Journal of Clinical Pharmacy and Therapeutics, cilt.46, sa.5, ss.1395-1403, 2021 (SCI-Expanded) identifier identifier identifier

  • Yayın Türü: Makale / Tam Makale
  • Cilt numarası: 46 Sayı: 5
  • Basım Tarihi: 2021
  • Doi Numarası: 10.1111/jcpt.13471
  • Dergi Adı: Journal of Clinical Pharmacy and Therapeutics
  • Derginin Tarandığı İndeksler: Science Citation Index Expanded (SCI-EXPANDED), Scopus, Academic Search Premier, PASCAL, BIOSIS, CAB Abstracts, CINAHL, EMBASE, International Pharmaceutical Abstracts, MEDLINE, Veterinary Science Database
  • Sayfa Sayıları: ss.1395-1403
  • Anahtar Kelimeler: genetic variations, insulin Resistance, IRAK4, MyD88, TRAF6, type 2 diabetes, SIGNALING PATHWAY, IKK-BETA, KINASE 4, POLYMORPHISMS, MYD88, TLR4, CYCLOOXYGENASE-2, SUSCEPTIBILITY, CONSEQUENCES, NEPHROPATHY
  • Eskişehir Osmangazi Üniversitesi Adresli: Evet

Özet

What is known and objective: Type 2 diabetes (T2DM) is a multigenic disease that develops with impaired β-cell function and insulin sensitivity and has a high prevalence worldwide.

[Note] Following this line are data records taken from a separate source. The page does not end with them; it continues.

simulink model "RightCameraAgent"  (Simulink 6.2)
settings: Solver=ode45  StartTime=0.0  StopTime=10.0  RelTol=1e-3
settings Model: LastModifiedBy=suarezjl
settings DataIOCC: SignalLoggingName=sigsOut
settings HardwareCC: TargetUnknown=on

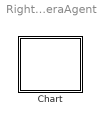
== system RightCameraAgent ==
  Chart : Stateflow chart

== stateflow chart Chart ==
  state Initial
    \\Sally\RightReachDemo\HeadModule\RightCameraAgent\FrameGrabber.Initialize()
    \\Sally\RightReachDemo\HeadModule\RightCameraAgent\FrameGrabber.ObtainImage()
    \\Sally\RightReachDemo\HeadModule\RightCameraAgent\FrameGrabber.ObtainImage()
    \\Sally\RightReachDemo\HeadModule\RightCameraAgent\ColorSegmenter.Initial()
    \\Sally\RightReachDemo\HeadModule\RightCameraAgent\ColorSegmenter.LoadColorModel()
  state Segmentation
    \\Sally\RightReachDemo\HeadModule\RightCameraAgent\FrameGrabber.ObtainImage()
    \\Sally\RightReachDemo\HeadModule\RightCameraAgent\ColorSegmenter.DoSegment()
  (default) -> Initial : Start
  Initial -> Segmentation : Always
  Segmentation -> Segmentation : Always
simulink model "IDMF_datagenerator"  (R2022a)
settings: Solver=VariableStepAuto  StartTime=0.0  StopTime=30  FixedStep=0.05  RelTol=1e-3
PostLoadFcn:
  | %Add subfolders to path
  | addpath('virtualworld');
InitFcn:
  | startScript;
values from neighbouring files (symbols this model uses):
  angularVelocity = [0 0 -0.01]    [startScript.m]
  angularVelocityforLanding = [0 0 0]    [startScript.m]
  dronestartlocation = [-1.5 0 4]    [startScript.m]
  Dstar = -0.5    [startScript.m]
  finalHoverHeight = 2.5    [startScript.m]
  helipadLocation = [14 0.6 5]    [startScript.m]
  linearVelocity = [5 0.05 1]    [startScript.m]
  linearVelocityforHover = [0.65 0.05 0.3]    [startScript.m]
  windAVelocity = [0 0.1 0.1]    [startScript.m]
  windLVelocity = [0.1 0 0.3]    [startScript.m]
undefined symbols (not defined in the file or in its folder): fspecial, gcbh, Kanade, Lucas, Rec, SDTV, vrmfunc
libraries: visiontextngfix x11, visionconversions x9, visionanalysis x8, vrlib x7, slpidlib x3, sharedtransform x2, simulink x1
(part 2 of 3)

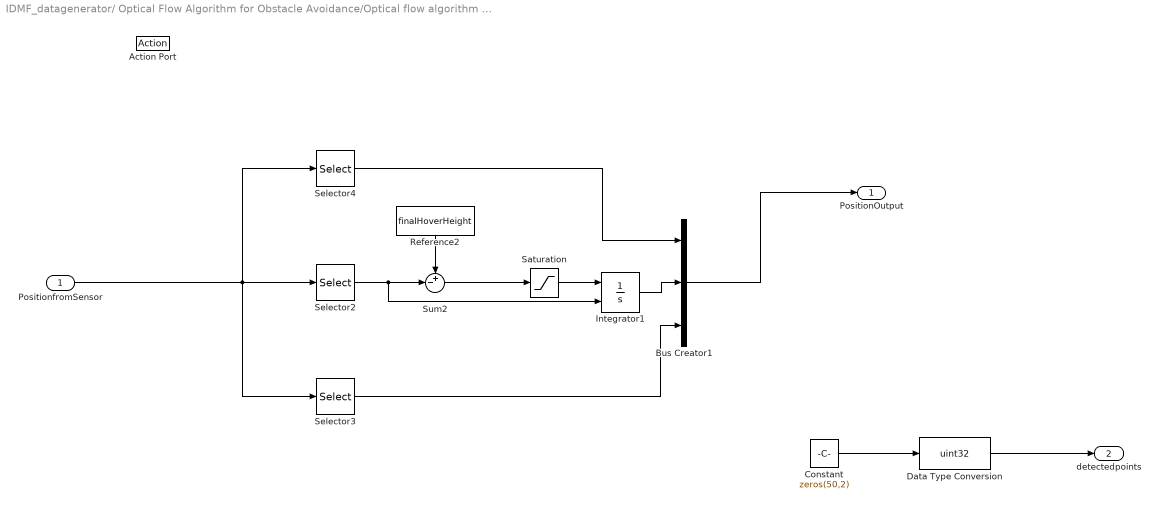
== system IDMF_datagenerator/ Optical Flow Algorithm for Obstacle Avoidance/Optical flow algorithm and PID Controller for landing/DronePositionEstimation.DroneLanding2 ==
  PositionfromSensor : Inport
  Action Port : ActionPort
      settings: CopyFcn=Stateflow.SLINSF.SimulinkMan.removeBlockPreDeleteFcn  PreDeleteFcn=Stateflow.SLINSF.SimulinkMan.unsafePredeleteFcn
  Bus Creator1 : BusCreator  Inputs=3
  Constant : Constant  Value=zeros(50,2)
  Data Type Conversion : DataTypeConversion  OutDataTypeStr=uint32  SaturateOnIntegerOverflow=off  RndMeth=Floor
  Integrator1 : Integrator  InitialConditionSource=external  LimitOutput=on  UpperSaturationLimit=5  LowerSaturationLimit=-5  ZeroCross=off
  Reference2 : Constant  Value=finalHoverHeight
  Saturation : Saturate  UpperLimit=5  LowerLimit=-5
  Selector2 : Selector  InputPortWidth=3  IndexOptions=Index vector (dialog)  Indices=[2]  OutputSizes=1
  Selector3 : Selector  InputPortWidth=3  IndexOptions=Index vector (dialog)  Indices=[3]  OutputSizes=1
  Selector4 : Selector  InputPortWidth=3  IndexOptions=Index vector (dialog)  Indices=[1]  OutputSizes=1
  Sum2 : Sum  Inputs=+-|
  PositionOutput : Outport
  detectedpoints : Outport  Port=2
      settings: VarSizeSig=Yes
  wires:
  Integrator1/1 -> Bus Creator1/2
  Saturation/1 -> Integrator1/1
  Bus Creator1/1 -> PositionOutput/1
  Selector2/1 -> Integrator1/2, Sum2/2
  Selector3/1 -> Bus Creator1/3
  PositionfromSensor/1 -> Selector3/1, Selector4/1, Selector2/1
  Reference2/1 -> Sum2/1
  Selector4/1 -> Bus Creator1/1
  Sum2/1 -> Saturation/1
  Constant/1 -> Data Type Conversion/1
  Data Type Conversion/1 -> detectedpoints/1

== system IDMF_datagenerator/ Optical Flow Algorithm for Obstacle Avoidance/Optical flow algorithm and PID Controller for landing/DronePositionEstimation.DroneLandingnoZ ==
  PositionfromSensor : Inport
  D_est : Inport  Port=2
  camera_d : Inport  Port=3
  linearVelocity : Inport  Port=4
  Action Port : ActionPort
      settings: CopyFcn=Stateflow.SLINSF.SimulinkMan.removeBlockPreDeleteFcn  PreDeleteFcn=Stateflow.SLINSF.SimulinkMan.unsafePredeleteFcn
  Landing : Subsystem
  Subsystem : Subsystem
  PositionOutput : Outport
  detectedpoints : Outport  Port=2  OutDataTypeStr=uint32
  wires:
  PositionfromSensor/1 -> Landing/1(In1)
  D_est/1 -> Landing/2(D_est)
  Landing/1(PositionOutput) -> PositionOutput/1
  camera_d/1 -> Subsystem/1(Input)
  Subsystem/1(Output) -> detectedpoints/1
  linearVelocity/1 -> Landing/3(linearVelocity)

== system IDMF_datagenerator/ Optical Flow Algorithm for Obstacle Avoidance/Optical flow algorithm and PID Controller for landing/DronePositionEstimation.OpticalFlowAlgorithm_ ==
  note: If the output from the Sign block is Positive, drone should move towards the left side, i.e. V_y is Negative. Also, if the output from the Sign block is Negative, drone will move towwars the right side..ie, V_y is Positive.
  note: Steering Linear Velocities
  OpticalFlowDiff : Inport
  Action Port : ActionPort
      settings: CopyFcn=Stateflow.SLINSF.SimulinkMan.removeBlockPreDeleteFcn  PreDeleteFcn=Stateflow.SLINSF.SimulinkMan.unsafePredeleteFcn
  Constant : Constant  Value=uint32(zeros(50,2))
  Constant1 : Constant  Value=linearVelocity
  Gain : Gain  Gain=[1 1 -1]
  Integrator2 : Integrator  InitialCondition=dronestartlocation
  Sign : Signum
  Switch1 : Switch  Criteria=u2 > Threshold  SaturateOnIntegerOverflow=off  InputSameDT=off
  PositionOutput : Outport
  detectedpoints : Outport  Port=2
      settings: VarSizeSig=Yes
  wires:
  OpticalFlowDiff/1 -> Sign/1
  Constant1/1 -> Switch1/3, Gain/1  "[V_X V_Z V_Y]"
  Switch1/1 -> Integrator2/1
  Gain/1 -> Switch1/1  "[V_X V_Z -1*V_Y]"
  Constant/1 -> detectedpoints/1
  Sign/1 -> Switch1/2
  Integrator2/1 -> PositionOutput/1

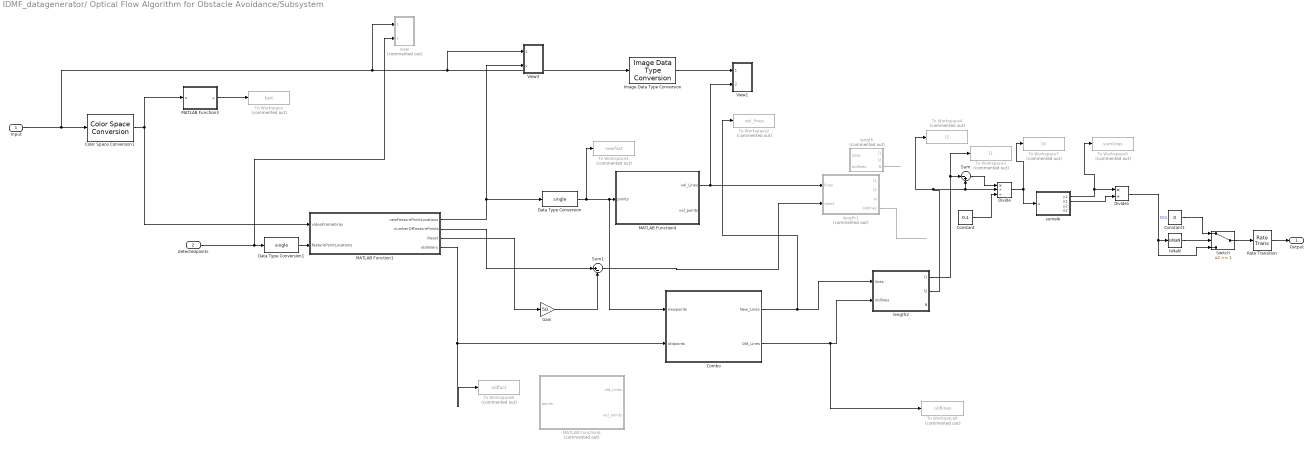
== system IDMF_datagenerator/ Optical Flow Algorithm for Obstacle Avoidance/Subsystem ==
  Input : Inport
  detectedpoints : Inport  Port=2
  Color Space Conversion1 : visionconversions/Color Space  Conversion  conversion=Obsolete  conversionActive=R'G'B' to intensity  wp_str=D65  rec=Rec. 601 (SDTV)  sys=1125/60/2:1  imagePorts=One multidimensional signal
  Combo : MATLAB Function  TreatAsAtomicUnit=on
  Constant : Constant  Value=0.1
  Constant1 : Constant  Value=0
  Data Type Conversion : DataTypeConversion  OutDataTypeStr=single  SaturateOnIntegerOverflow=off  RndMeth=Floor
  Data Type Conversion1 : DataTypeConversion  OutDataTypeStr=single  SaturateOnIntegerOverflow=off  RndMeth=Floor
  Divide : Product  Inputs=*//
  Divide1 : Product  Inputs=*/
  Gain : Gain  Gain=50
  Image Data Type Conversion : visionconversions/Image Data Type Conversion  outDT=single  isSigned=on  wordLen=16  numFracBits=0
      settings: SourceProductBaseCode=VP
  IsNaN : RelationalOperator  Operator=isNaN  OutDataTypeStr=boolean  RndMeth=Simplest  InputSameDT=off
  MATLAB Function1 : MATLAB Function  TreatAsAtomicUnit=on
  MATLAB Function3 : MATLAB Function  TreatAsAtomicUnit=on
  MATLAB Function4 : MATLAB Function  TreatAsAtomicUnit=on
  MATLAB Function6 : MATLAB Function  Commented=on  TreatAsAtomicUnit=on
  Rate Transition : RateTransition  OutPortSampleTime=0.1
  Sum : Sum  Inputs=|-+
  Sum1 : Sum  Inputs=|+-
  Switch : Switch  Threshold=1  SaturateOnIntegerOverflow=off  InputSameDT=off
  To Workspace : ToWorkspace  Commented=on  VariableName=fast  SaveFormat=Timeseries  SampleTime=-1
  To Workspace1 : ToWorkspace  Commented=on  VariableName=newfast  SaveFormat=Timeseries  SampleTime=-1
  To Workspace2 : ToWorkspace  Commented=on  VariableName=vel_lines  SaveFormat=Timeseries  SampleTime=-1
  To Workspace3 : ToWorkspace  Commented=on  VariableName=l1  SaveFormat=Timeseries  SampleTime=-1
  To Workspace4 : ToWorkspace  Commented=on  VariableName=l2  SaveFormat=Timeseries  SampleTime=-1
  To Workspace5 : ToWorkspace  Commented=on  VariableName=sumlines  SaveFormat=Timeseries  SampleTime=-1
  To Workspace6 : ToWorkspace  Commented=on  VariableName=oldlines  SaveFormat=Timeseries  SampleTime=-1
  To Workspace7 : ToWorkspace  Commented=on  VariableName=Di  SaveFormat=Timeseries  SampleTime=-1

A cause often postulated for type 2 diabetes is chronic inflammation. It has been suggested that inflammatory regulators can inhibit insulin signal transduction and that inflammation is involved in insulin resistance (IR) and the pathogenesis of type 2 diabetes. In this direction, we aimed to investigate the gene variants of MyD88 (rs1319438, rs199396), IRAK4 (rs1461567, rs4251513, rs4251559) and TRAF6 (rs331455, rs331457) and serum levels of COX-2, NF-κB, iNOS in T2DM and IR. Methods: The MyD88, IRAK4 and TRAF6 variations were genotyped in 100 newly diagnosed T2DM patients and 100 non-diabetic individuals using The MassARRAY® Iplex GOLD SNP genotyping method. The COX-2, iNOS and NF-κB levels were measured in serum samples with the sandwich-ELISA method. Results were analysed using SPSS Statistics software and the online FINNETI program. Results and discussion: In our study, a total of the 7 variants in the MyD88, IRAK4 and TRAF6 genes were genotyped, and as a result, no relationship was found between most of these variants and the risk of type 2 diabetes and insulin resistance (p > 0.05). Only, the rs1461567 variant of the IRAK4 gene was significant in the heterozygous model (CC vs. CT), and the CT genotype was most frequent in diabetic individuals compared with the non-diabetics (p = 0.033). Additionally, COX-2 and iNOS levels were found to be associated with diabetes and insulin resistance (p < 0.05). What is new and conclusion: Our results show that high COX-2 and iNOS levels are associated with T2DM, besides MyD88, IRAK4 and TRAF6 gene variations may not be closely related to type 2 diabetes and insulin resistance. Nevertheless, studies in this pathway with a different population and a large number of patients are important.